The Deschutes Basin, a watershed spanning central Oregon, is one of countless regions across the American West experiencing an increasing demand for water amid a rapidly decreasing supply. The human population in the Deschutes has the fastest growth rate of any county in Oregon, but while municipal demand has skyrocketed, available surface water supplies are already over-allocated. In addition, during the spring and summer irrigation season, water diversions cause a dramatic reduction in the Deschutes River’s flow, contributing to degraded fish habitat and poor water quality.

The Deschutes is emblematic not only for its water supply concerns. The basin is also nationally renowned for having undertaken an innovative approach to solving its water distribution problems. In 2001, tribal members, irrigation district managers, and environmental proponents came together and established a water market for managing and distributing the basin’s fresh water supply. Since the inception of the Deschutes Water Bank, water marketing has become increasingly popular across the American West and the Deschutes has served as a model for many of these initiatives.

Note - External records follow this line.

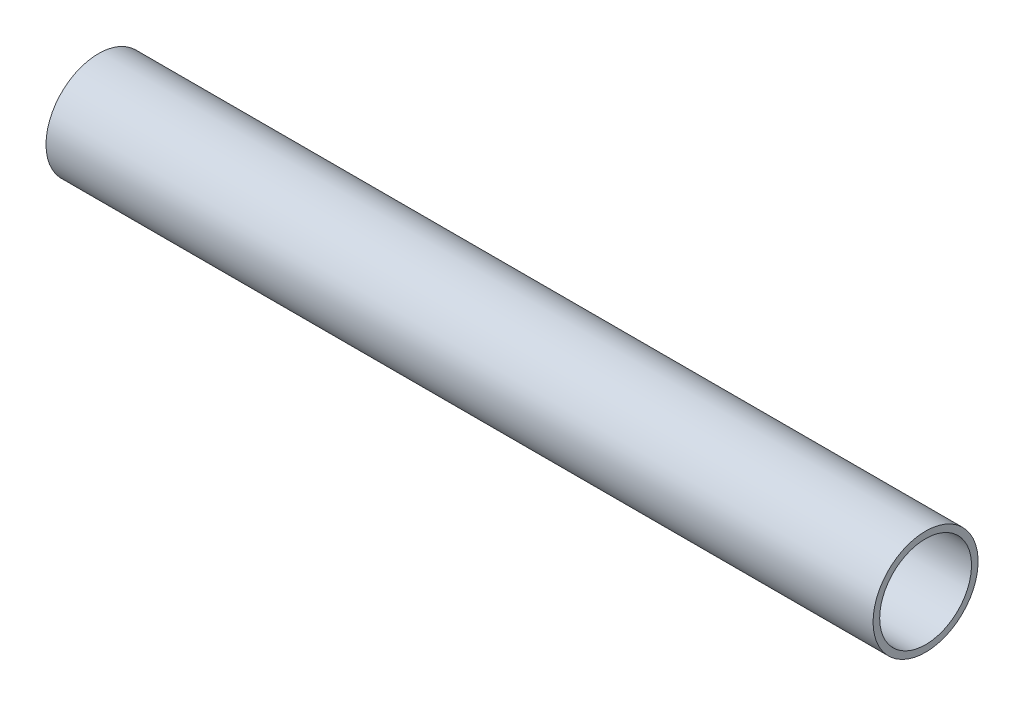
SolidWorks part; units mm, degrees
material "PVC Rígido"
ref_plane "Plano frontal" through (0, 0, 0) normal (0, 0, 1) x (1, 0, 0)
ref_plane "Plano superior" through (0, 0, 0) normal (0, 1, 0) x (1, 0, 0)
ref_plane "Plano direito" through (0, 0, 0) normal (1, 0, 0) x (0, 0, -1)
sketch "Esboço1" plane through (0, 0, 0) normal (0, 0, 1) x (1, 0, 0)
  line L0 (0, 0) -> (0, 38.1) construction
  line L1 (0, 0) -> (600, 0) construction
  line L2 (0, 38.1) -> (600, 38.1)
  line L3 (600, 38.1) -> (600, 33.3)
  line L4 (0, 33.3) -> (0, 38.1)
  line L6 (0, 33.3) -> (600, 33.3)
  dimension "D1" = 76.2
  dimension "D2" = 4.8
  dimension "D5" = 600
revolve "Revolução1" add sketch "Esboço1" angle 360 about L1
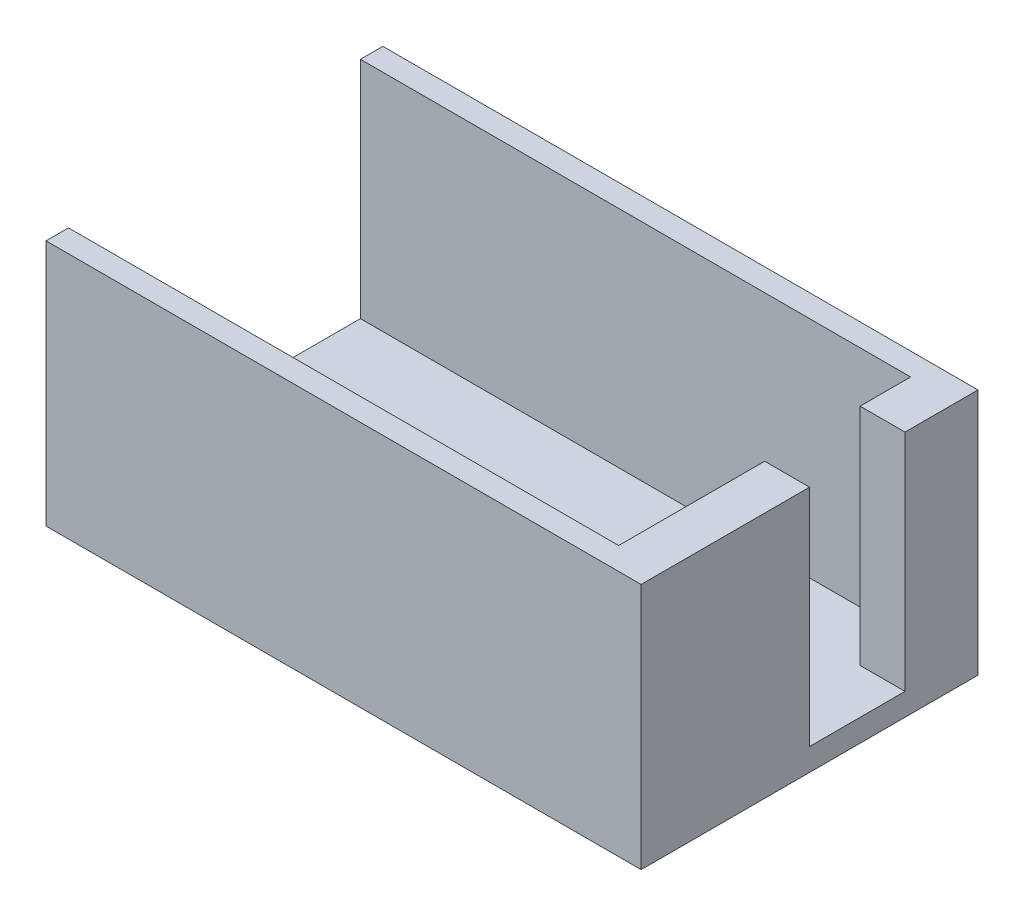
SolidWorks part; units mm, degrees
ref_plane "Front Plane" through (0, 0, 0) normal (0, 0, 1) x (1, 0, 0)
ref_plane "Top Plane" through (0, 0, 0) normal (0, 1, 0) x (1, 0, 0)
ref_plane "Right Plane" through (0, 0, 0) normal (1, 0, 0) x (0, 0, -1)
sketch "Sketch1" plane through (0, 0, 0) normal (0, 1, 0) x (1, 0, 0)
  line L1 (0, 0) -> (53, 0)
  line L2 (0, 0) -> (0, -30)
  line L3 (0, -30) -> (53, -30)
  line L4 (53, 0) -> (53, -30)
  dimension "D1" = 53
  dimension "D2" = 30
extrude "Boss-Extrude1" add sketch "Sketch1" along normal blind 2
sketch "Sketch2" plane through (0, 2, 0) normal (0, 1, 0) x (1, 0, 0)
  line L0 (0, -28) -> (49, -28)
  line L1 (49, -2) -> (0, -2)
  line L2 (49, -28) -> (49, -15)
  line L3 (49, -30) -> (49, 0) construction
  line L4 (0, 0) -> (0, -30)
  line L5 (0, -30) -> (53, -30)
  line L6 (53, -30) -> (53, 0)
  line L7 (53, 0) -> (0, 0)
  line L8 (0, 0) -> (0, -2)
  line L9 (0, -30) -> (53, -30)
  line L10 (53, -30) -> (53, -15)
  line L11 (53, 0) -> (0, 0)
  line L12 (53, -2) -> (0, -2) construction
  line L13 (0, -28) -> (53, -28) construction
  line L14 (0, -28) -> (0, -30)
  line L15 (49, -6.5) -> (53, -6.5)
  line L16 (49, -15) -> (53, -15)
  line L17 (49, -6.5) -> (49, -2)
  line L18 (53, -6.5) -> (53, 0)
  line L19 (53, -30) -> (53, 0) construction
  dimension "D5" = 6.5
  dimension "D6" = 15
  dimension "D1" = 0
  dimension "D2" = 2
  dimension "D3" = 2
  dimension "D4" = 4
extrude "Boss-Extrude2" add sketch "Sketch2" along normal blind 20

My dissertation examines the ways in which more-than-human encounters matter when it comes to natural resource politics. In foregrounding the commodification of local waters, current management strategies tend to overlook the everyday practices and encounters that are central to waters’ movement through the landscape. I turn to theories of affect and emotion in order to demonstrate that how we know, feel, and relate to local waters and to local politics is central to our water management practices and key to understanding and participating in equitable water policies.